Holyfield is a go-to guy when it comes to handicapping big fights. (Heczar Designs)
“He is getting better and better and I think he’s hitting the people a little harder than he used to hit them…”
Former heavyweight champion of the world Evander Holyfield was called the “Real Deal” for a reason. He could punch. He could box. He never turned tail and ducked a challenge, even when, as was often the case, he was the smaller man.
Having finally found a life after boxing that connects to boxing via his new promotional outfit, Real Deal Championship Title Boxing, Holyfield is a go-to guy when it comes to handicapping big fights; especially fights between giants in boxing’s marquee division.
No fight in that category is bigger than the bout between Anthony Joshua and Deontay Wilder.
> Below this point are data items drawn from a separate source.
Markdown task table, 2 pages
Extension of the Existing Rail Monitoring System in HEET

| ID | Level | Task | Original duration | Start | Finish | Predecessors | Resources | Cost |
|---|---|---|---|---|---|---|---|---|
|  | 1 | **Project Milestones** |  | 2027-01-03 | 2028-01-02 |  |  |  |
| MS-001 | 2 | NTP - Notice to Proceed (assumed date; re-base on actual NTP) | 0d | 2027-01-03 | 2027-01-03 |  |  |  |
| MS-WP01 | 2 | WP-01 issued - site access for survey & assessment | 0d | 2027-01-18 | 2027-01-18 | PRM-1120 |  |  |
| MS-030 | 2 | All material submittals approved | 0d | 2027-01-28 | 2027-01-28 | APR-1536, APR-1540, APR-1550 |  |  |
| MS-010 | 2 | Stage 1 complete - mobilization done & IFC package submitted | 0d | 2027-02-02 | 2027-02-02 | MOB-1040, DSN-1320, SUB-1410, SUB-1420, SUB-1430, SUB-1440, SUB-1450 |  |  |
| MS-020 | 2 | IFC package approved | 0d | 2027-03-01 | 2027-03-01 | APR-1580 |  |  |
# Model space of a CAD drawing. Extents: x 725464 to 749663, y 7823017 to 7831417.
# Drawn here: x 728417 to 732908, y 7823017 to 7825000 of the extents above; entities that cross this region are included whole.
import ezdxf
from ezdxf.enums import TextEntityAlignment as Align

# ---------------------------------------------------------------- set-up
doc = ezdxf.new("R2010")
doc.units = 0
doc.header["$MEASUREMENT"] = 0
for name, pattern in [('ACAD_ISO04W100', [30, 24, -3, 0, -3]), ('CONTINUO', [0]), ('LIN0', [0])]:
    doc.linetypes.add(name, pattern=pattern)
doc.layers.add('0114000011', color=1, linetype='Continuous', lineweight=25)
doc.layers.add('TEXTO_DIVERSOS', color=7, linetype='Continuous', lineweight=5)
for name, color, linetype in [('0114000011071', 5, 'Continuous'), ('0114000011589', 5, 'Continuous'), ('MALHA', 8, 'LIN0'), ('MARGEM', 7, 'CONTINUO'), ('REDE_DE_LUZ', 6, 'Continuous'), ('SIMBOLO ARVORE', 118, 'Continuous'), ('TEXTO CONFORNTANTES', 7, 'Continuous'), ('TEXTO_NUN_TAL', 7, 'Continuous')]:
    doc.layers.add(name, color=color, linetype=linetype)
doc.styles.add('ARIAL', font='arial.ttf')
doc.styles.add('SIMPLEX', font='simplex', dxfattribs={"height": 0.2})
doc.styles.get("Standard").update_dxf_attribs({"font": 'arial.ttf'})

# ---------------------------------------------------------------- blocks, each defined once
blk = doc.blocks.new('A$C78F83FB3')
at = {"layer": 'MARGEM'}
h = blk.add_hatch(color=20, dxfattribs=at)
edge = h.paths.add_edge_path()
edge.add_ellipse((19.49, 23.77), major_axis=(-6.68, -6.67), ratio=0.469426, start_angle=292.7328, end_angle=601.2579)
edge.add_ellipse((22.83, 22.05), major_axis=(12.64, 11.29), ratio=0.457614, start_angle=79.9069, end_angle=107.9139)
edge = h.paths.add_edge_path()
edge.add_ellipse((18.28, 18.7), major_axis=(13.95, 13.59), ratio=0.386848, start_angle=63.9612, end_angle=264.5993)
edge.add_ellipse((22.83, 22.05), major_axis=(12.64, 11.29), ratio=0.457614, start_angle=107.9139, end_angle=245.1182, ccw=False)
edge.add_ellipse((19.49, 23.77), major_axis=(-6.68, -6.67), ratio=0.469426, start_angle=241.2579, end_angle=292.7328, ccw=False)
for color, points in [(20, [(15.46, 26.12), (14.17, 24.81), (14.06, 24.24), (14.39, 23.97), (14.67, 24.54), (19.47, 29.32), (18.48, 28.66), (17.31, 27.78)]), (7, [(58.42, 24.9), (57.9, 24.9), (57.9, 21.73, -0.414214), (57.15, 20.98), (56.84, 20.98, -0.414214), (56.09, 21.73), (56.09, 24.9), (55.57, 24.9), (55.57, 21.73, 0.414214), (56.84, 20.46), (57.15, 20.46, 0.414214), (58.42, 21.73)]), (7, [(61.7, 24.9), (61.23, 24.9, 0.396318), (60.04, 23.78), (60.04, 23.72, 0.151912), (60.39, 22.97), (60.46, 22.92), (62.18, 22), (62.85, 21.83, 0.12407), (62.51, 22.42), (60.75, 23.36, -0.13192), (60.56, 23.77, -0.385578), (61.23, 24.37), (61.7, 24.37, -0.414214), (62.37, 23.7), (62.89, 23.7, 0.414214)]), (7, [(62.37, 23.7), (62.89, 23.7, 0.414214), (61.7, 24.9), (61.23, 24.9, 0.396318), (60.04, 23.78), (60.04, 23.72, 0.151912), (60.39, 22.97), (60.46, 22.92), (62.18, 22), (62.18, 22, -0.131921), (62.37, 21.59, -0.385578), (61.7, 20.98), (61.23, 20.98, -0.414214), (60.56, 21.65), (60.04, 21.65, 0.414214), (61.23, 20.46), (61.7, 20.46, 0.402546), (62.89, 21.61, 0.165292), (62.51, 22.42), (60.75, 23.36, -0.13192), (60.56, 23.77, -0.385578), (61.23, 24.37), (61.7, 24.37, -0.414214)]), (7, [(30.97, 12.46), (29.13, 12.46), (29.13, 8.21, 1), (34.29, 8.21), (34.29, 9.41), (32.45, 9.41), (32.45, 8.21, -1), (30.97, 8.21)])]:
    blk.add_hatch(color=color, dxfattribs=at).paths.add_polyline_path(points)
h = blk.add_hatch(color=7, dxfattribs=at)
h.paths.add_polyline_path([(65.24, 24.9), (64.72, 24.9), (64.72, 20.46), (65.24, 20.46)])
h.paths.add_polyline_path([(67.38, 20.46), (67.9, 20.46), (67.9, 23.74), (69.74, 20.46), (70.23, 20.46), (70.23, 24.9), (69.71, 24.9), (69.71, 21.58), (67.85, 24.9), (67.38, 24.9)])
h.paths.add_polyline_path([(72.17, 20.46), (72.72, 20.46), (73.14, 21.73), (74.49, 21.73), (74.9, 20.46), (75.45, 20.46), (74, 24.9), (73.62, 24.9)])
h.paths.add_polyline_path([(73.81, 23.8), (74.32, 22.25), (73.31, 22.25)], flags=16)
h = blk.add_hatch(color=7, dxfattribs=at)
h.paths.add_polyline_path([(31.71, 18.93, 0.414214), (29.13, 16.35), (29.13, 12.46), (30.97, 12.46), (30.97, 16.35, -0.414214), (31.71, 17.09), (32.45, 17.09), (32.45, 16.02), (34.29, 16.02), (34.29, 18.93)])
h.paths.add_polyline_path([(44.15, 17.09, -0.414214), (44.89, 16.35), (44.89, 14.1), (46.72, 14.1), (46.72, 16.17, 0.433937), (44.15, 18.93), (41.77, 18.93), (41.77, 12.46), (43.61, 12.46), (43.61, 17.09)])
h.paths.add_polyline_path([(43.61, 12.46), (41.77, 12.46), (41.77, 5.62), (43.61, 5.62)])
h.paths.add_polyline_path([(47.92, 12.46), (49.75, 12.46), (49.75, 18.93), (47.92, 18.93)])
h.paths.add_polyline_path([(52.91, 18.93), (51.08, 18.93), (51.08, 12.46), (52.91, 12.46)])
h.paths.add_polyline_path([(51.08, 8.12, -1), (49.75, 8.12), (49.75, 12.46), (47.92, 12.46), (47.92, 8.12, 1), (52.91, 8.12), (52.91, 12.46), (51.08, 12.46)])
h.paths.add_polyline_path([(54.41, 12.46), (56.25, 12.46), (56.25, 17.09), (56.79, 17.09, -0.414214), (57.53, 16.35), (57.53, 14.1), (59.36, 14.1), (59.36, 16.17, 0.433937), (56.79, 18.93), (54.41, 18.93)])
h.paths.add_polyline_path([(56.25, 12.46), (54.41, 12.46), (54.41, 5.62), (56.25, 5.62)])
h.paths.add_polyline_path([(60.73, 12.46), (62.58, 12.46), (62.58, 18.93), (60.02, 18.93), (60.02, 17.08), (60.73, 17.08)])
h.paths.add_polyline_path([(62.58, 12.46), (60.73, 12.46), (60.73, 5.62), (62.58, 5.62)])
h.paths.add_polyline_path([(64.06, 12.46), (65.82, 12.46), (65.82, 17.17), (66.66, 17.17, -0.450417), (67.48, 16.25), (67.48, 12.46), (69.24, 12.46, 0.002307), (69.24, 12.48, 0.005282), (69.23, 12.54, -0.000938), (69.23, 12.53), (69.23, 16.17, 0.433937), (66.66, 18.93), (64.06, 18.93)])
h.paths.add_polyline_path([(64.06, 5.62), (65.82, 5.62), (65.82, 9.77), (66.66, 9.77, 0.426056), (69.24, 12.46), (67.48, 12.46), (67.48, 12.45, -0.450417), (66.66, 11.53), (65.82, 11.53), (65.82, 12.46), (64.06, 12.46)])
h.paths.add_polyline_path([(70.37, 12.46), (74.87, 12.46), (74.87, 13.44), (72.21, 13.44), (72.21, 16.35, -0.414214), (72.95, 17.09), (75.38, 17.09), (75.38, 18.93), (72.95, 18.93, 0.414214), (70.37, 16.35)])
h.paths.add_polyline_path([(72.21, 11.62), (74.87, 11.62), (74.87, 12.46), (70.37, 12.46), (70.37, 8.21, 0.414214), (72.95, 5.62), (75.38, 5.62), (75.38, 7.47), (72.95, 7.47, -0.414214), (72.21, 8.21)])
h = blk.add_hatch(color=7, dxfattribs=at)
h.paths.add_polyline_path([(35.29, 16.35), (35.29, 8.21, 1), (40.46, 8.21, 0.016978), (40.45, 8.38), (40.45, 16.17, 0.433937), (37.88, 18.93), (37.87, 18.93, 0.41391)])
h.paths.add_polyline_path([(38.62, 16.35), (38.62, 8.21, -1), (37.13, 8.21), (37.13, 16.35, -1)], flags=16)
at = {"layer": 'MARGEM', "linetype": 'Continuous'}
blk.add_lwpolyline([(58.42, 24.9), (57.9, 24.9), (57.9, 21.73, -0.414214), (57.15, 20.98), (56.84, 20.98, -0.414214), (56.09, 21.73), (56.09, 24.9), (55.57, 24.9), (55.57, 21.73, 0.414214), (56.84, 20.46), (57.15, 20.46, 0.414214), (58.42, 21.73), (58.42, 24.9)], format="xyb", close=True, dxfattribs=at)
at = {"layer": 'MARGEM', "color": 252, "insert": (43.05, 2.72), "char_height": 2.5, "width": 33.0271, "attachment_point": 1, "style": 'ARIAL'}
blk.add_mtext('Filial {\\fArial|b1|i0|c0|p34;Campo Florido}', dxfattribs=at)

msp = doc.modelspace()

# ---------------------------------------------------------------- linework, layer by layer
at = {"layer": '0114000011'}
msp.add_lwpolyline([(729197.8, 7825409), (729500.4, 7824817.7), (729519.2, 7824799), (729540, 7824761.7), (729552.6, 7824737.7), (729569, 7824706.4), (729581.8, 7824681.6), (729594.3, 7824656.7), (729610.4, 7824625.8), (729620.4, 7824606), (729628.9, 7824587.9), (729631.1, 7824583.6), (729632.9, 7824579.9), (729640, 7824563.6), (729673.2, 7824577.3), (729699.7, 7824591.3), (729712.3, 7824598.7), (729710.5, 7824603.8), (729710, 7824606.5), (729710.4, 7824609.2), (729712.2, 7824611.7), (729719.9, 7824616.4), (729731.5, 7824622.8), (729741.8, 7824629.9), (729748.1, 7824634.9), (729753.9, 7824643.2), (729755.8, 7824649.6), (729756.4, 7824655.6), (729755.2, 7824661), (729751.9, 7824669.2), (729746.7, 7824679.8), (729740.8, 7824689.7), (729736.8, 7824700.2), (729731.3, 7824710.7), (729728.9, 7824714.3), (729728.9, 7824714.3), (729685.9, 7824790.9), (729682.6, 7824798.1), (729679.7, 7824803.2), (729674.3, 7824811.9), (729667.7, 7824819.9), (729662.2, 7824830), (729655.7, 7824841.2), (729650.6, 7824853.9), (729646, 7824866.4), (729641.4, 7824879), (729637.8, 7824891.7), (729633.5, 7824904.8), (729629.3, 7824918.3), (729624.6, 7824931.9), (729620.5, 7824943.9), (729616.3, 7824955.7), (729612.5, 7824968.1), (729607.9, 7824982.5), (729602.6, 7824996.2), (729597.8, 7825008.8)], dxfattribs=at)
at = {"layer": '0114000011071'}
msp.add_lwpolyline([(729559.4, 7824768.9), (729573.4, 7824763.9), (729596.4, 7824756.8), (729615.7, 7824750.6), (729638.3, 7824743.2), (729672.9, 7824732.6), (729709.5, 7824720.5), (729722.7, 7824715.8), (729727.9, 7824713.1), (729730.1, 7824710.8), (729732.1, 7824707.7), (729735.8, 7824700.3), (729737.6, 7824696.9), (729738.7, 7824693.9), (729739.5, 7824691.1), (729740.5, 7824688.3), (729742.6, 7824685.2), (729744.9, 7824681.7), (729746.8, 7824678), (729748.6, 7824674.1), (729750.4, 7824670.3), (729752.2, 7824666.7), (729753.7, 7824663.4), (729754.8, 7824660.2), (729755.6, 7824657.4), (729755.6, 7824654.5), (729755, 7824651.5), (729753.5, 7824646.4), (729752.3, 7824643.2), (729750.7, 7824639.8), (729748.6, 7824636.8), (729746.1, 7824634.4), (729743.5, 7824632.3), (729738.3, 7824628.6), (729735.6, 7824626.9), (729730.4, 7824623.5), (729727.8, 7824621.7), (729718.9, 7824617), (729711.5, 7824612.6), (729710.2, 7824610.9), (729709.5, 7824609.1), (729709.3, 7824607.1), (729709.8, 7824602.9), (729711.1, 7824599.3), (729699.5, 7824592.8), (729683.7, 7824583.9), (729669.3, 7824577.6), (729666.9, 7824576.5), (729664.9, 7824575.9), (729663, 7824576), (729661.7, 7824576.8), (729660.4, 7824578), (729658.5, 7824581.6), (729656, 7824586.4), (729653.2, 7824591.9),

Joshua holds the IBF, WBA, and WBO heavyweight titles. Wilder wears the WBC crown. The winner of their fight, with all four of the major heavyweight titles on the line, will be the first big man to unify the division since Lennox Lewis in 1999.
“I think it would be a great fight,” said Holyfield. “That is what boxing needed, a shot in the arm.”
A shot in the arm is better than a shot in the foot, but Holyfield, who is as comfortable with a macro as microanalysis, tends to favor his countryman.
“Both of the fighters are good fighters and I think with Deontay, he’s a guy that has got the base to do anything. He’s a good fighter.”
With his recent victory over Luis Ortiz, Wilder made believers of some of his harshest critics. What he does isn’t boxing by the book, but it works.
“I would say he (Wilder) has the best aggression I’ve seen,” continued Holyfield. “You’ve got to look at the person for where they’ve come from.
“Here’s a guy, he boxed because the fact is he wanted to help his kid. But how many people you think fighting look like him? He’s got a basketball body.
“He worked his skills and everything they thought he wasn’t going to be, he became. He is getting better and better and I think he’s hitting the people a little harder than he used to hit them.”
With the Klitschkos retired, with Tyson Fury returning to the fray, the formerly moribund heavyweight division is pulsing with possibility, so much so that even long shot operators like Luis Ortiz, Alexander Povetkin, Joseph Parker, and Dillian Whyte add more depth than padding to the proceedings.
And Evander Holyfield couldn’t be more pleased.
“I’m honored and I am proud that it (the heavyweight division) is back.”